The 5 Most Common Gardening Mistakes and How to Avoid them
If you are a novice gardener, the chances are you are a work in progress, still trying to figure a way around plants. While there is no ultimate recipe on proper plant growing, it is normal to steer from the right gardening path every once in a while. In fact, some of the classic tips for plant caring are not really applicable to every plant, so making basic gardening mistakes is not so uncommon even for more experienced growers.
The important thing is to learn the lessons and start avoiding these faults. Our list of the five most common mistakes in horticulture will help you improve your ways and get better in your practices.
Forgetting about the sun-shade balance
When choosing the right spot for our greens, a gardener should always have in mind their type’s specific lighting preferences. That is a factor many garden enthusiasts tend to neglect and leads to unpleasant results. Too much lighting and too much shade can significantly slow the growing process, confuse the plant, and affect the overall photosynthesis process. In worst cases, the crop might get into a bad state you cannot revive it from.
The sun-shade balance is most often overlooked when it comes to potted plants. Sometimes a sun-loving flower might look better situated in the shade where it better fits the landscape. But moving it to a place where it could hardly thrive is not a wise choice.
Make sure you know your plants. Do a research or consult a professional to find what is the ultimate light-shade ratio for their (not your) liking. Some mobile apps can recognize flowers, plants, and trees, and help you to identify and take better care of them. Also, stay aware of the conditions you have in your home/yard and plan your plant purchases accordingly.
Watering too much or too often
Many young gardeners are anxious, and they care for their greeneries a little bit too seriously. Indeed, water is one of the most important factors in plant growth but considering the proper amount a plant needs should also be a priority. Truth is, too much water is not always a good thing.
When it comes to newly-transplanted plants and young seedlings – regular watering is ok, because they need more water to grow and develop a strong and deep root system. However, most fully-grown plants can not only stay healthy for a long time without water but soaking them every day could lead to rotting and fatal root damage.

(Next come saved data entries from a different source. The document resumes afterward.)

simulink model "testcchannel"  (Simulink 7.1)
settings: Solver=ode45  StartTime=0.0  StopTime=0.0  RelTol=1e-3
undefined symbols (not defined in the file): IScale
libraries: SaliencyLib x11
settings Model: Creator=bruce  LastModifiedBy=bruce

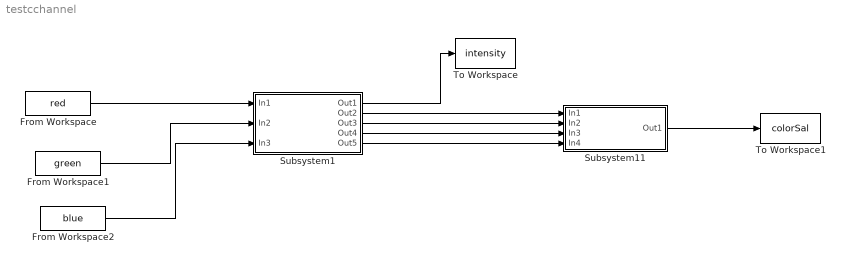
== system testcchannel ==
  From Workspace : FromWorkspace  VariableName=red  SampleTime=0
  From Workspace1 : FromWorkspace  VariableName=green  SampleTime=0
  From Workspace2 : FromWorkspace  VariableName=blue  SampleTime=0
  Subsystem1 : Subsystem
      mask Display:
      | disp('COLOR\nMAPPING')
      | port_label('input',1,'r')
      | port_label('input',2','g')
      | port_label('input',3,'b')
      | port_label('output',1,'I')
      | port_label('output',2,'R')
      | port_label('output',3,'G')
      | port_label('output',4','B')
      | port_label('output',5,'Y')
  Subsystem11 : Subsystem
      mask Display: disp('COLOR CHANNEL')
  To Workspace : ToWorkspace  VariableName=intensity  SampleTime=-1  SaveFormat=Structure
  To Workspace1 : ToWorkspace  VariableName=colorSal  SampleTime=-1  SaveFormat=Structure
  wires:
  From Workspace/1 -> Subsystem1/1(In1)
  Subsystem1/1(Out1) -> To Workspace/1
  From Workspace1/1 -> Subsystem1/2(In2)
  From Workspace2/1 -> Subsystem1/3(In3)
  Subsystem1/2(Out2) -> Subsystem11/1(In1)
  Subsystem1/3(Out3) -> Subsystem11/2(In2)
  Subsystem1/4(Out4) -> Subsystem11/3(In3)
  Subsystem1/5(Out5) -> Subsystem11/4(In4)
  Subsystem11/1(Out1) -> To Workspace1/1

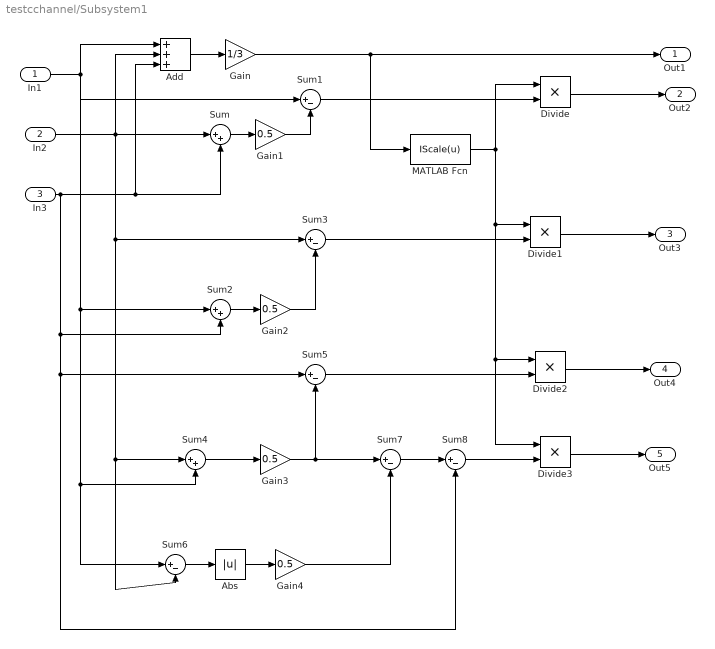
== system testcchannel/Subsystem1 ==
  In1 : Inport  OutDataType=sfix(16)  OutScaling=2^0
  In2 : Inport  Port=2  OutDataType=sfix(16)  OutScaling=2^0
  In3 : Inport  Port=3  OutDataType=sfix(16)  OutScaling=2^0
  Abs : Abs  OutDataType=sfix(16)  OutScaling=2^0
  Add : Sum  Inputs=+++  OutDataType=sfix(16)  OutScaling=2^-10
  Divide{,1..3} (4 alike) : Product  Inputs=**  OutDataType=sfix(16)  OutScaling=2^-10
  Gain : Gain  Gain=1/3  ParameterDataType=sfix(16)  ParameterScaling=2^0  OutDataType=sfix(16)  OutScaling=2^0
  Gain{1..4} (4 alike) : Gain  Gain=0.5  ParameterDataType=sfix(16)  ParameterScaling=2^0  OutDataType=sfix(16)  OutScaling=2^0
  MATLAB Fcn : MATLABFcn  MATLABFcn=IScale(u)  Output1D=off
  Sum : Sum  Inputs=|++  OutDataType=sfix(16)  OutScaling=2^0
  Sum{1,3,5..8} (6 alike) : Sum  Inputs=|+-  OutDataType=sfix(16)  OutScaling=2^0
  Sum2 : Sum  Inputs=|++  OutDataType=sfix(16)  OutScaling=2^0
  Sum4 : Sum  Inputs=|++  OutDataType=sfix(16)  OutScaling=2^0
  Out1 : Outport  OutDataType=sfix(16)  OutScaling=2^0
  Out2 : Outport  Port=2  OutDataType=sfix(16)  OutScaling=2^0
  Out3 : Outport  Port=3  OutDataType=sfix(16)  OutScaling=2^0
  Out4 : Outport  Port=4  OutDataType=sfix(16)  OutScaling=2^0
  Out5 : Outport  Port=5  OutDataType=sfix(16)  OutScaling=2^0
  wires:
  MATLAB Fcn/1 -> Divide3/1, Divide2/1, Divide1/1, Divide/1
  Divide3/1 -> Out5/1
  Sum8/1 -> Divide3/2
  Sum7/1 -> Sum8/1
  Gain4/1 -> Sum7/2
  Abs/1 -> Gain4/1
  Sum6/1 -> Abs/1
  Divide2/1 -> Out4/1
  Divide1/1 -> Out3/1
  Sum5/1 -> Divide2/2
  Sum3/1 -> Divide1/2
  Divide/1 -> Out2/1
  Sum1/1 -> Divide/2
  Sum4/1 -> Gain3/1
  Gain3/1 -> Sum7/1, Sum5/2
  Gain2/1 -> Sum3/2
  Sum2/1 -> Gain2/1
  Gain1/1 -> Sum1/2
  Sum/1 -> Gain1/1
  Add/1 -> Gain/1
  Gain/1 -> MATLAB Fcn/1, Out1/1
  In3/1 -> Sum8/2, Sum5/1, Sum2/2, Sum/2, Add/3
  In2/1 -> Sum6/2, Sum4/1, Sum3/1, Sum/1, Add/2
  In1/1 -> Sum6/1, Sum4/2, Sum2/1, Sum1/1, Add/1

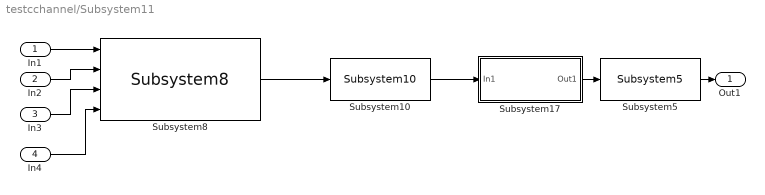
== system testcchannel/Subsystem11 ==
  In1 : Inport  OutDataType=sfix(16)  OutScaling=2^0
  In2 : Inport  Port=2  OutDataType=sfix(16)  OutScaling=2^0
  In3 : Inport  Port=3  OutDataType=sfix(16)  OutScaling=2^0
  In4 : Inport  Port=4  OutDataType=sfix(16)  OutScaling=2^0
  Subsystem10 : SaliencyLib/Subsystem10  SystemSampleTime=-1
  Subsystem17 : Subsystem  AncestorBlock=SaliencyLib/Subsystem17  mask{l2r=83, l2c=125, l3r=42, l3c=63}
      mask prompts: l2r "L2 rows:"; l2c "L2 cols:"; l3r "L3 rows:"; l3c "L3 cols:"
      mask Display: disp('X-SCALE\nCOMBINE')
  Subsystem5 : SaliencyLib/Subsystem5  SystemSampleTime=-1
  Subsystem8 : SaliencyLib/Subsystem8  SystemSampleTime=-1  br=332  bc=500
  Out1 : Outport  OutDataType=sfix(16)  OutScaling=2^0
  wires:
  In4/1 -> Subsystem8/4
  In3/1 -> Subsystem8/3
  In2/1 -> Subsystem8/2
  Subsystem5/1 -> Out1/1
  Subsystem17/1(Out1) -> Subsystem5/1
  Subsystem10/1 -> Subsystem17/1(In1)
  Subsystem8/1 -> Subsystem10/1
  In1/1 -> Subsystem8/1

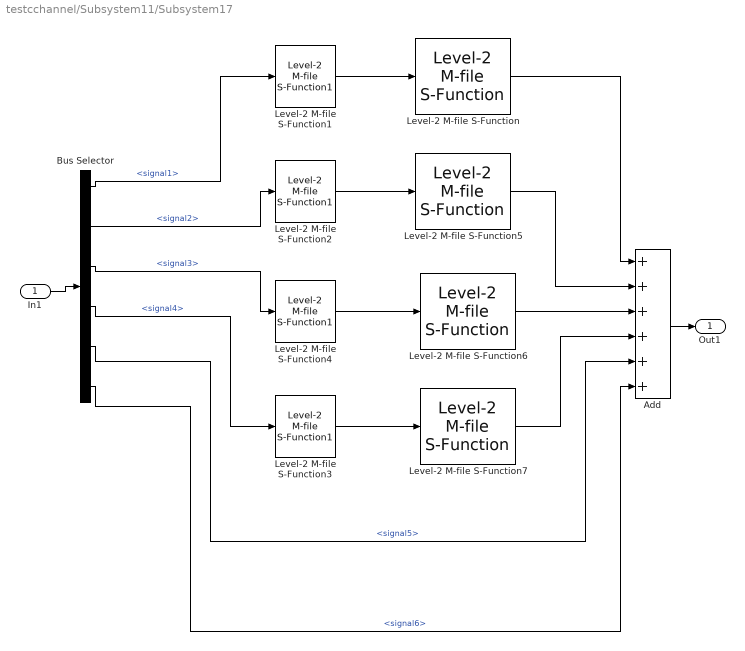
== system testcchannel/Subsystem11/Subsystem17 ==
  In1 : Inport  OutDataType=sfix(16)  OutScaling=2^0
  Add : Sum  Inputs=++++++  OutDataType=sfix(16)  OutScaling=2^-10
  Bus Selector : BusSelector  OutputSignals=signal1,signal2,signal3,signal4,signal5,signal6
  Level-2 M-file S-Function : SaliencyLib/Level-2 M-file S-Function  br=l2r  bc=l2c  pl=2
  Level-2 M-file S-Function1 : SaliencyLib/Level-2 M-file S-Function1  sr=l2r  sc=l2c  sl=2
  Level-2 M-file S-Function2 : SaliencyLib/Level-2 M-file S-Function1  sr=l2r  sc=l2c  sl=2
  Level-2 M-file S-Function3 : SaliencyLib/Level-2 M-file S-Function1  sr=l3r  sc=l3c  sl=1
  Level-2 M-file S-Function4 : SaliencyLib/Level-2 M-file S-Function1  sr=l3r  sc=l3c  sl=1
  Level-2 M-file S-Function5 : SaliencyLib/Level-2 M-file S-Function  br=l2r  bc=l2c  pl=2
  Level-2 M-file S-Function6 : SaliencyLib/Level-2 M-file S-Function  br=l3r  bc=l3c  pl=1
  Level-2 M-file S-Function7 : SaliencyLib/Level-2 M-file S-Function  br=l3r  bc=l3c  pl=1
  Out1 : Outport  OutDataType=sfix(16)  OutScaling=2^0
  wires:
  Level-2 M-file S-Function1/1 -> Level-2 M-file S-Function/1
  Level-2 M-file S-Function2/1 -> Level-2 M-file S-Function5/1
  Level-2 M-file S-Function4/1 -> Level-2 M-file S-Function6/1
  Level-2 M-file S-Function3/1 -> Level-2 M-file S-Function7/1
  Level-2 M-file S-Function/1 -> Add/1
  Level-2 M-file S-Function5/1 -> Add/2
  Level-2 M-file S-Function6/1 -> Add/3
  Level-2 M-file S-Function7/1 -> Add/4
  Add/1 -> Out1/1
  Bus Selector/1 -> Level-2 M-file S-Function1/1  "<signal1>"
  Bus Selector/2 -> Level-2 M-file S-Function2/1  "<signal2>"
  Bus Selector/3 -> Level-2 M-file S-Function4/1  "<signal3>"
  Bus Selector/4 -> Level-2 M-file S-Function3/1  "<signal4>"
  Bus Selector/5 -> Add/5  "<signal5>"
  Bus Selector/6 -> Add/6  "<signal6>"
  In1/1 -> Bus Selector/1

Not ending the gardening cycle right
Plants belong in one of three categories: annuals, biennials, and perennials. It is important to know how their gardening cycle ends so you can take the right steps in preparing the soil for next season. One of the most common gardening mistakes is ending the cycle too early, too late, or completely ignore plant specifications.
Annuals complete their cycle of sprout, growing and producing seed within a single season before they die. At the end of their cycle, it is time to remove the plants, clean up the garden beds, and replant them next spring.
Biennials follow the same pattern as annuals, but they complete their cycle in two years. A common misunderstanding would be to remove them in the first year or leaving them to rot until springtime. It results in double work and wasted time that could be avoided.
Perennials, on the other hand, live for at least three seasons and can last even longer. The correct way to end their seasonal cycle is to clean the garden, control the weeds, and improve the soil by adding mulch and nutrients for winter protection. If you fail to prepare your perennials for harsh weather in time, you might damage or lose them to frost.
Relying on the wrong fertilizers
Greens need food so the usage of soil supplements is unavoidable. Proper nutrition is key to healthy plant growth, although, when it comes to the choice of a fertilizer many unexperienced gardeners do not know where to start. The horticultural market offers way too many fertilizing solutions, so picking a wrong one is not out of the question.
Strong synthetic fertilizers might be really cheap, but they are way too strong and could burn most flowers and delicate plants. With that in mind, check in advance what product would be best for your garden greens. Always prioritize organic options or simply start making compost by yourself.
Planting off-season is very tricky because seedlings are not meant to survive extreme cold or hot temperatures. Overheating and winter frost could severely damage the young plant and it might not develop at all.
Patience is a virtue, even in gardening. Resist the temptation to buy new small sprouts while spring is not close on the horizon. Also, have in mind that blooming flowers and vegetables can often grow very fast. If you leave them indoors for too long, they can get stressed and die in a matter of days.
These are just some of the common mistakes gardeners make. Luckily, they are easily avoidable. Just stick to traditional plant growing techniques and ask for professional advice before you take on another gardening task. Feel free to experiment as well, but always do your research to avoid issues along the way.